Através do espelho obscuro, capítulo 10


Foto: Guilherme Carnaúba

por Tuma

O balconista parou de assoviar. Aprumou-se no banco do motorista e virou parcialmente o rosto para João.

- Ei, companheiro – ele disse -, nós aqui em Miranda não gostamos muito desse assunto. Essa história de que a última faixa do Through a Glass desapareceu de algum jeito é uma mentira inventada pelos conspiradores malditos, que não aceitam o fato de Ike e Hip terem...
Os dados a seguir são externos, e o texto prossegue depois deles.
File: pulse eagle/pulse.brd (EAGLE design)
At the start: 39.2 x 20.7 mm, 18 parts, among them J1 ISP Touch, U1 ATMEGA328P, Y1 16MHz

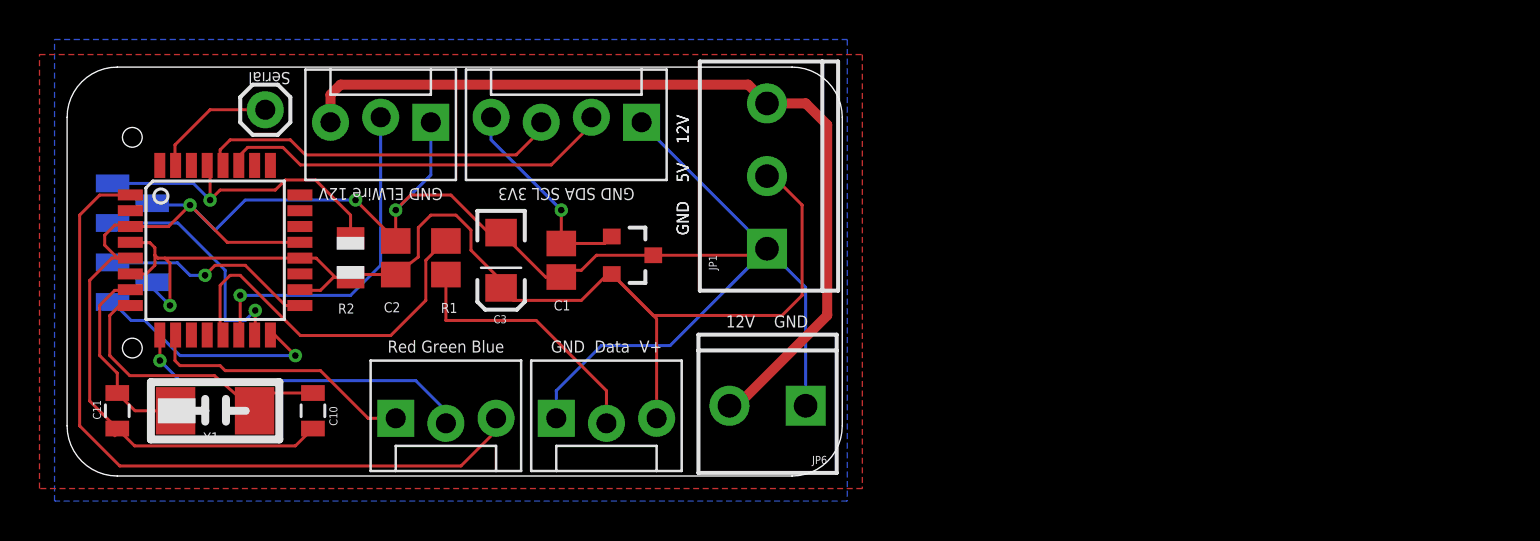
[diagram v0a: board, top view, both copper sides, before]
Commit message: Adding extra stem led and three extra petal leds. Needs routing.
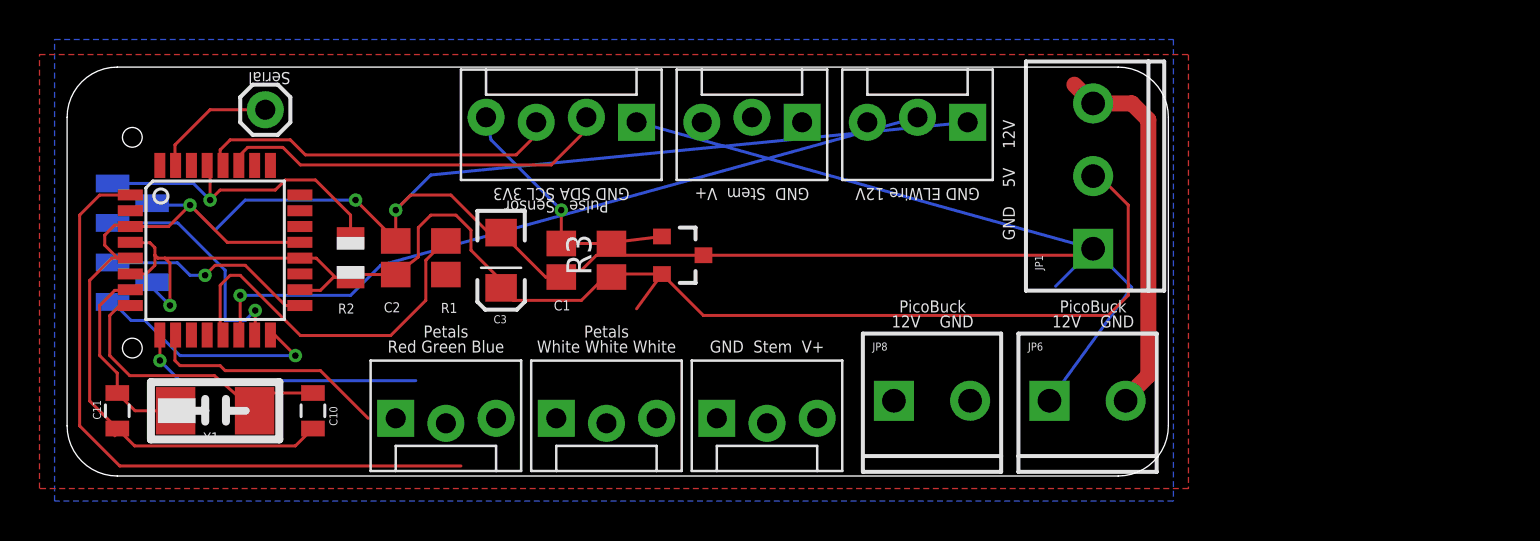
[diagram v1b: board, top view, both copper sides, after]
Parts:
- added JP7, JP9: (no value), SparkFun-Connectors:MOLEX-1X3_LOCK
- added JP8: M023.5MM_LOCK, SparkFun-Connectors:SCREWTERMINAL-3.5MM-2_LOCK
- added R3: 220, resistor:R0805
- moved JP3 27.2 mm to (46.2, 18.8)
- moved JP1 16.5 mm to (52.6, 12.4)
- moved JP6 12.7 mm to (50.5, 4.57), turned to 0 degrees
- moved JP4 8.13 mm to (33.5, 3.56)
- moved U$1 2.54 mm to (31.8, 11.9)
- moved SL2 0.25 mm to (29.5, 18.8)
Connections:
- new net N$1: JP9.2, R3.2
- new net PETALWHITE: JP7.1, JP7.2, JP7.3, U1.13
- new net STEMLED2: R3.1, U1.11
- net 12V: now also JP8.2
- net GND: now also JP8.1, JP9.1
- net STEMLED: now also U1.12; no longer U1.13
- net VCC: now also JP9.3
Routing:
- net GND: track 112.5 -> 154.7 mm
- net 12V: track 44.1 -> 19.4 mm
- net ELWIRE: track 17.3 -> 38.0 mm
- net N$7: track 13.6 -> 0.00 mm
- net VCC: track 64.8 -> 75.2 mm
- net PETALBLUE: track 37.0 -> 33.8 mm
- net PETALGREEN: track 17.5 -> 14.7 mm
- net 3V3: track 10.6 -> 13.0 mm
- net PETALRED: track 13.7 -> 12.3 mm
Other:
- board size 39.2 x 20.7 mm -> 55.8 x 20.7 mm
- board text added: "GND Stem V+"
- board text added: "Petals"
- board text added: "PicoBuck"
- board text added: "Pulse Sensor"
- board text added: "White White White"
- board text removed: "GND Data V+"

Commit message: Revision 5 of the board, with 4 x Petals, 2 x Stem.
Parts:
- JP1: value (none) -> Power
- JP4, JP9: value (none) -> Stem
- JP6: value M023.5MM_LOCK -> Petal Center
- JP8: value M023.5MM_LOCK -> Petal Color
- SL2: value (none) -> Pulse Sensor
- moved JP7 19.7 mm to (25.4, 3.56), turned to 0 degrees
- moved JP9 19.7 mm to (37.8, 18.8), turned to 180 degrees
- moved C10 0.51 mm to (13.1, 3.56)
- moved C11 0.51 mm to (3.17, 3.56)
- moved Y1 0.51 mm to (8.13, 3.56)
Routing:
- net PETALWHITE: track 0.00 -> 27.0 mm, vias 0 -> 1
- net VCC: track 75.2 -> 102.2 mm, vias 1 -> 2
- net STEMLED2: track 0.00 -> 24.5 mm
- net 12V: track 19.4 -> 40.9 mm
- net N$7: track 0.00 -> 21.0 mm, vias 0 -> 1
- net GND: track 154.7 -> 169.6 mm
- net N$1: track 0.00 -> 12.1 mm
- net ELWIRE: track 38.0 -> 43.0 mm
- net PETALBLUE: track 33.8 -> 37.2 mm
- net PETALGREEN: track 14.7 -> 17.5 mm
- net PETALRED: track 12.3 -> 13.7 mm
- net MISO: track 12.1 -> 12.8 mm
- net 3V3: track 13.0 -> 13.6 mm
- net XTL1: track 10.0 -> 10.5 mm
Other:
- board text added: "GND Data 5V"
- board text added: "Pulse & Bloom 23 June 2014 - Rev. 5"
- board text added: "Stem"
- board text removed: "GND Stem V+"
- board text removed: "Pulse & Bloom 19 June 2014 - Rev. 4"
- board text removed: "Pulse Sensor"

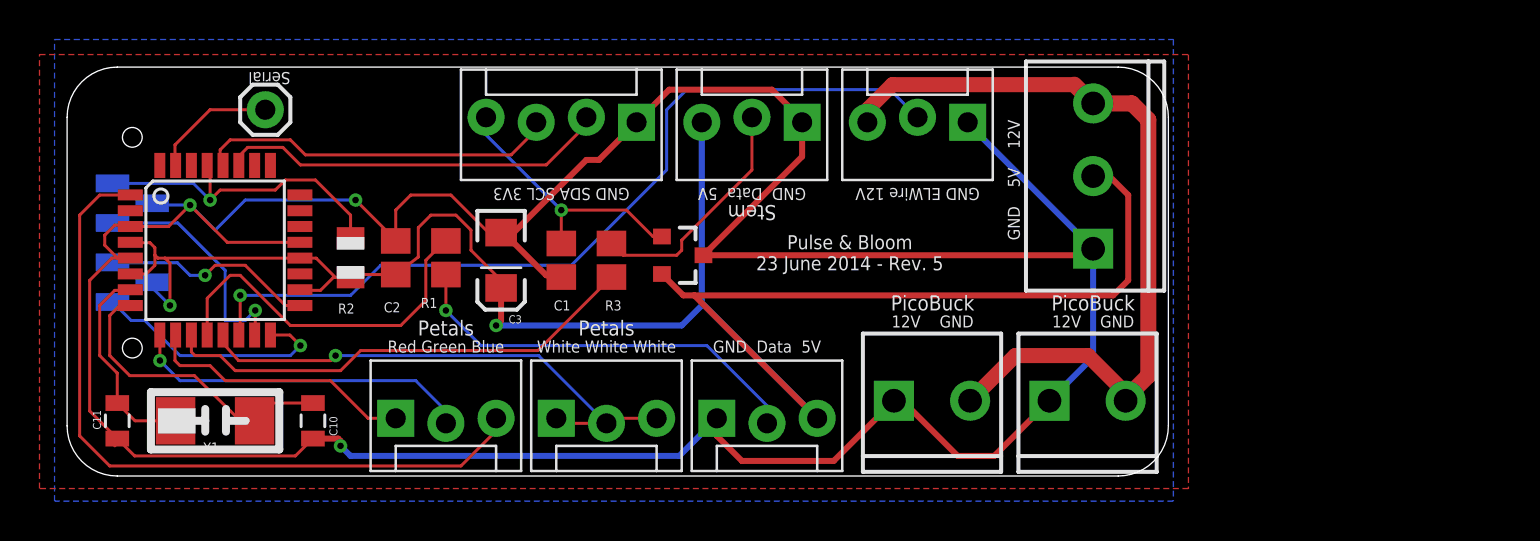
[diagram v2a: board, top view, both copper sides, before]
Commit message: Adding extra gnd pins for picobucks. probably going to need more picobucks.
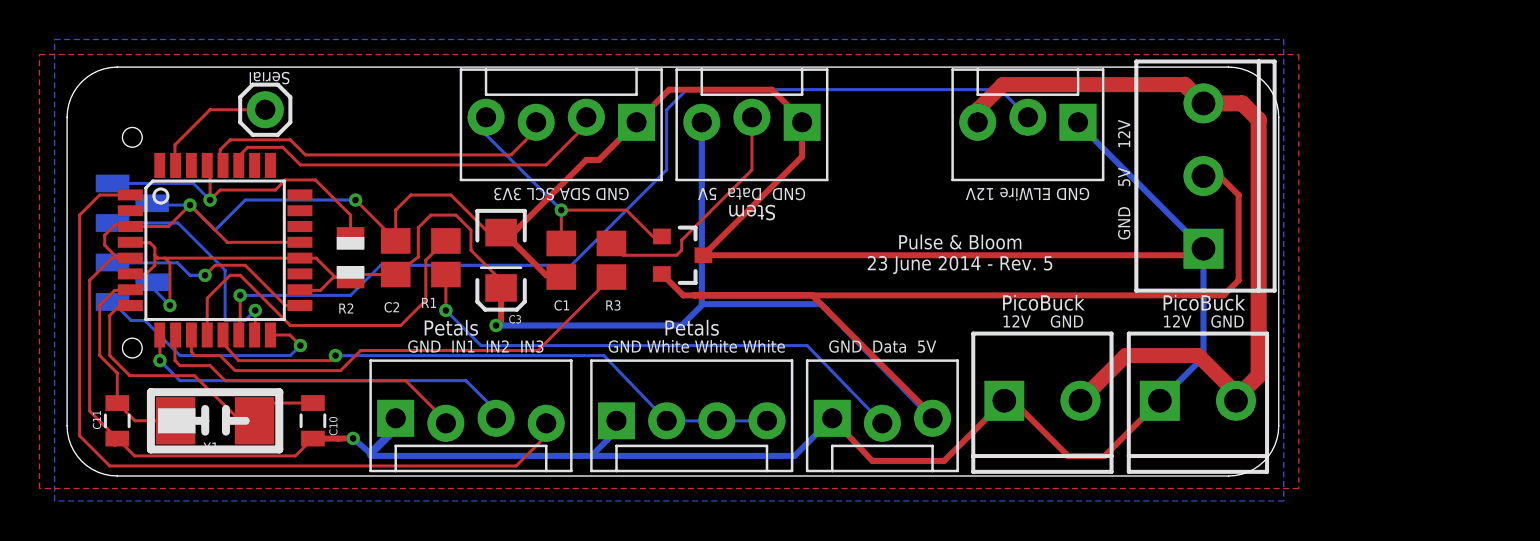
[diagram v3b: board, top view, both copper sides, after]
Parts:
- JP5: device SparkFun-Connectors:MOLEX-1X3_LOCK -> SparkFun-Connectors:MOLEX-1X4_LOCK
- JP7: device SparkFun-Connectors:MOLEX-1X3_LOCK -> SparkFun-Connectors:MOLEX-1X4
- moved JP4 5.84 mm to (39.4, 3.56)
- moved JP3 5.59 mm to (51.8, 18.8)
- moved JP6 5.59 mm to (56.1, 4.57)
- moved JP8 5.59 mm to (48.3, 4.57)
- moved JP1 5.59 mm to (58.2, 12.4)
- moved JP7 3.05 mm to (28.4, 3.56)
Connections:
- net GND: now also JP5.1, JP7.1
- net PETALBLUE: now also JP5.4; no longer JP5.3
- net PETALGREEN: now also JP5.3; no longer JP5.2
- net PETALRED: now also JP5.2; no longer JP5.1
- net PETALWHITE: now also JP7.4; no longer JP7.1
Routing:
- net VCC: track 102.2 -> 119.6 mm
- net GND: track 169.6 -> 184.8 mm
- net ELWIRE: track 43.0 -> 48.6 mm
- net N$7: track 21.0 -> 26.3 mm
- net PETALWHITE: track 27.0 -> 29.9 mm
- net PETALRED: track 13.7 -> 16.4 mm
- net PETALBLUE: track 37.2 -> 39.7 mm
- net PETALGREEN: track 17.5 -> 19.7 mm
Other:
- board size 55.8 x 20.7 mm -> 61.3 x 20.7 mm
- board text added: "GND IN1 IN2 IN3"
- board text added: "GND White White White"
- board text removed: "Red Green Blue"
- board text removed: "White White White"

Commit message: Adding second pulse sensor to board and code. Need to write code to handle second pulse sensor and second stem.
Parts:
- added SL1: Pulse Sensor, SparkFun-Connectors:MOLEX-1X4_LOCK
- moved JP9 5.59 mm to (43.4, 18.8)
- moved SL2 5.33 mm to (34.8, 18.8)
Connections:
- new net SCL2: SL1.3, U1.24
- new net SDA2: SL1.2, U1.23
- net 3V3: now also SL1.4
- net GND: now also SL1.1
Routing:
- net GND: track 184.8 -> 203.2 mm
- net SDA2: track 0.00 -> 17.0 mm, vias 0 -> 1
- net SCL2: track 0.00 -> 16.2 mm, vias 0 -> 1
- net 3V3: track 13.6 -> 25.1 mm
- net N$1: track 12.1 -> 17.6 mm
- net SDA: track 19.8 -> 25.2 mm
- net SCL: track 18.3 -> 23.6 mm
- net VCC: track 119.6 -> 114.5 mm
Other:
- board text added: "Pulse & Bloom 24 June 2014 - Rev. 6"
- board text removed: "Pulse & Bloom 23 June 2014 - Rev. 5"

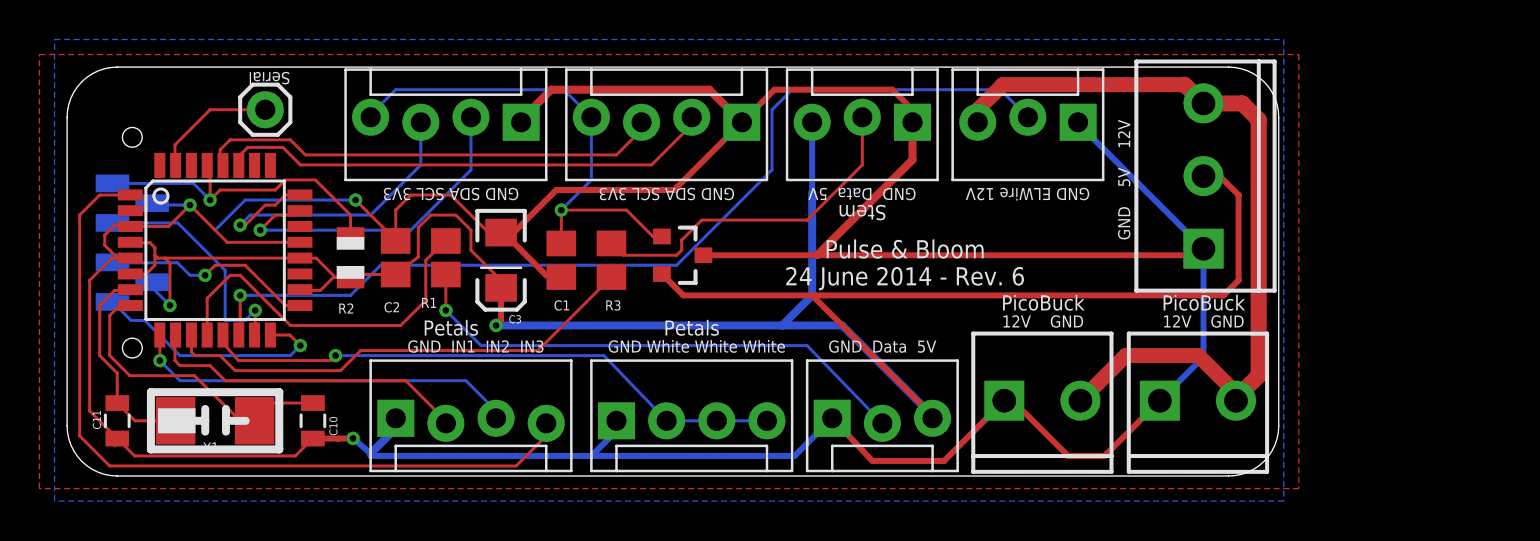
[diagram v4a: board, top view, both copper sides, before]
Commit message: Adding a barrel jack and proper buck converter connectors.
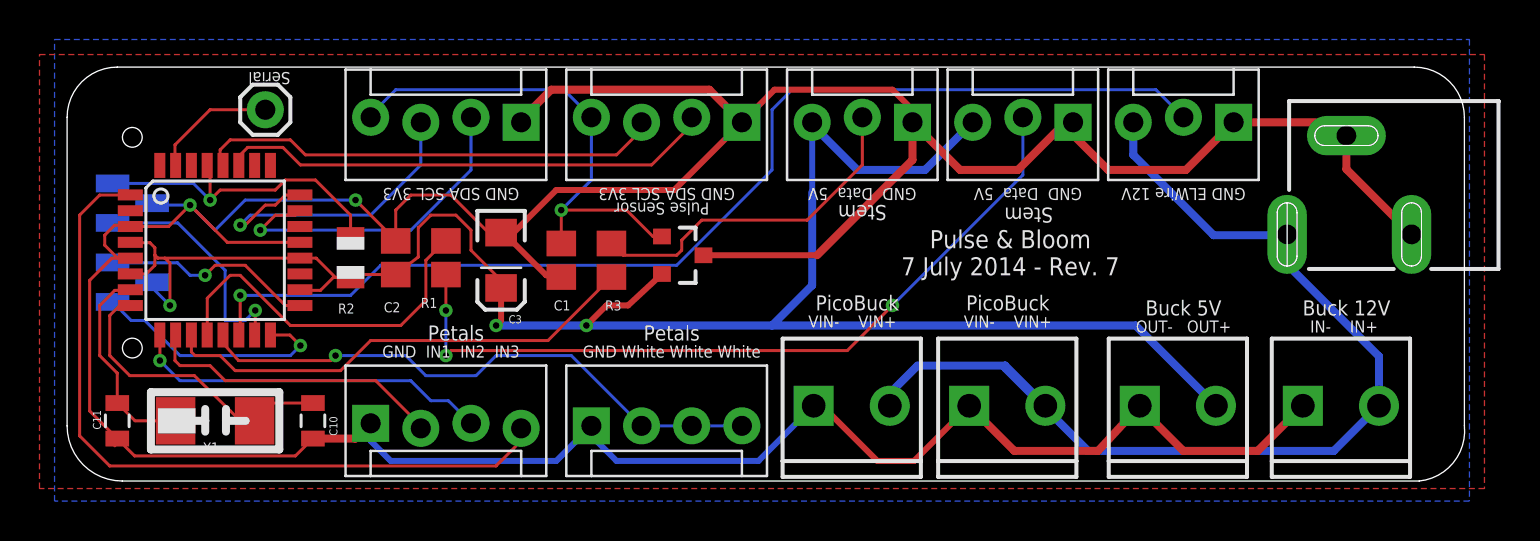
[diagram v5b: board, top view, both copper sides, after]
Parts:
- removed JP1: Power, SparkFun-Connectors:SCREWTERMINAL-3.5MM-3_LOCK.007S
- added J2: POWER_JACKSLT, SparkFun-Connectors:POWER_JACK_SLOT
- added JP10: Buck 12V, SparkFun-Connectors:SCREWTERMINAL-3.5MM-2_LOCK
- added JP12: Buck 5V, SparkFun-Connectors:SCREWTERMINAL-3.5MM-2_LOCK
- moved JP4 19.5 mm to (51.6, 18.8), turned to 180 degrees
- moved JP6 9.66 mm to (46.5, 4.32)
- moved JP8 9.66 mm to (38.6, 4.32)
- moved JP3 7.87 mm to (59.7, 18.8)
- moved JP5 1.30 mm to (16.0, 3.30)
- moved JP7 1.30 mm to (27.2, 3.30)
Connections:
- net 12V: now also J2.PWR, JP10.2; no longer JP1.3
- net GND: now also J2.GND@1, J2.GND@2, JP10.1, JP12.1; no longer JP1.1
- net VCC: now also JP12.2; no longer JP1.2
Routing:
- net VCC: track 114.5 -> 98.6 mm, vias 2 -> 3
- net N$7: track 26.3 -> 40.0 mm, vias 1 -> 3
- net 12V: track 40.9 -> 53.4 mm
- net ELWIRE: track 48.6 -> 56.5 mm
- net GND: track 203.2 -> 206.8 mm, vias 3 -> 2
- net PETALGREEN: track 19.7 -> 18.4 mm
- net PETALBLUE: track 39.7 -> 38.3 mm
- net PETALRED: track 16.4 -> 15.2 mm
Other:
- board size 61.3 x 20.7 mm -> 70.8 x 21 mm
- board text added: "IN- IN+"
- board text added: "OUT- OUT+"
- board text added: "Pulse & Bloom 7 July 2014 - Rev. 7"
- board text added: "VIN- VIN+"
- board text removed: "12V GND"
- board text removed: "GND 5V 12V"
- board text removed: "Pulse & Bloom 24 June 2014 - Rev. 6"

Enquanto falava, o rosto furioso de Hartman saía de foco aos olhos de João. Os movimentos que a boca do balconista fazia para expressar sua eloqüência nervosa apareciam turvos, lentos, uma mancha de cor indefinida se expandindo no borrão branco que era o rosto dele. Seus olhos desapareciam como buracos e reapareciam como luzes, e por vezes até uma de suas mãos saía do volante e apontava, inconstante, para o rosto impassível de João.

As palavras que o outro proferia pareciam aos seus ouvidos ecos do silêncio, um grave ruído como aquele que mora dentro das conchas do mar. Em seu lugar, o que João ouvia, cada vez mais alto, eram os versos cantados por Morf Honey-Roy na música que saía das caixas de som e se espalhava pelo carro como tinta jogada no ar. Mister Sandman, bring me a dream, ele ouvia, make him the cutest that i’ve ever seem, e os versos tornavam a se repetir, adquirindo distorções e tons doentios. Bring me a dream, bring me a dream, bring me a dream...

Antes que João conseguisse alcançar as orelhas com as mãos que até elas levava, o som da música foi cortado por um outro muito mais alto e assustador. O rumor de alguém buzinando desesperadamente enquanto invadia a luz que os faróis do chevette azul jogavam na estrada, seguido pelo ruído de vidro se quebrando e da espinha de alguém se partindo, todos esses barulhos interromperam a voz de Morf, que sumiu na noite, e a voz de Hartman, que se calou, e os pensamentos de João, que sem que ele percebesse começaram a escorrer para fora enquanto seus olhos se apagavam, deixando residual na memória a imagem de dois carros estraçalhados um contra o outro pela força de seus motores.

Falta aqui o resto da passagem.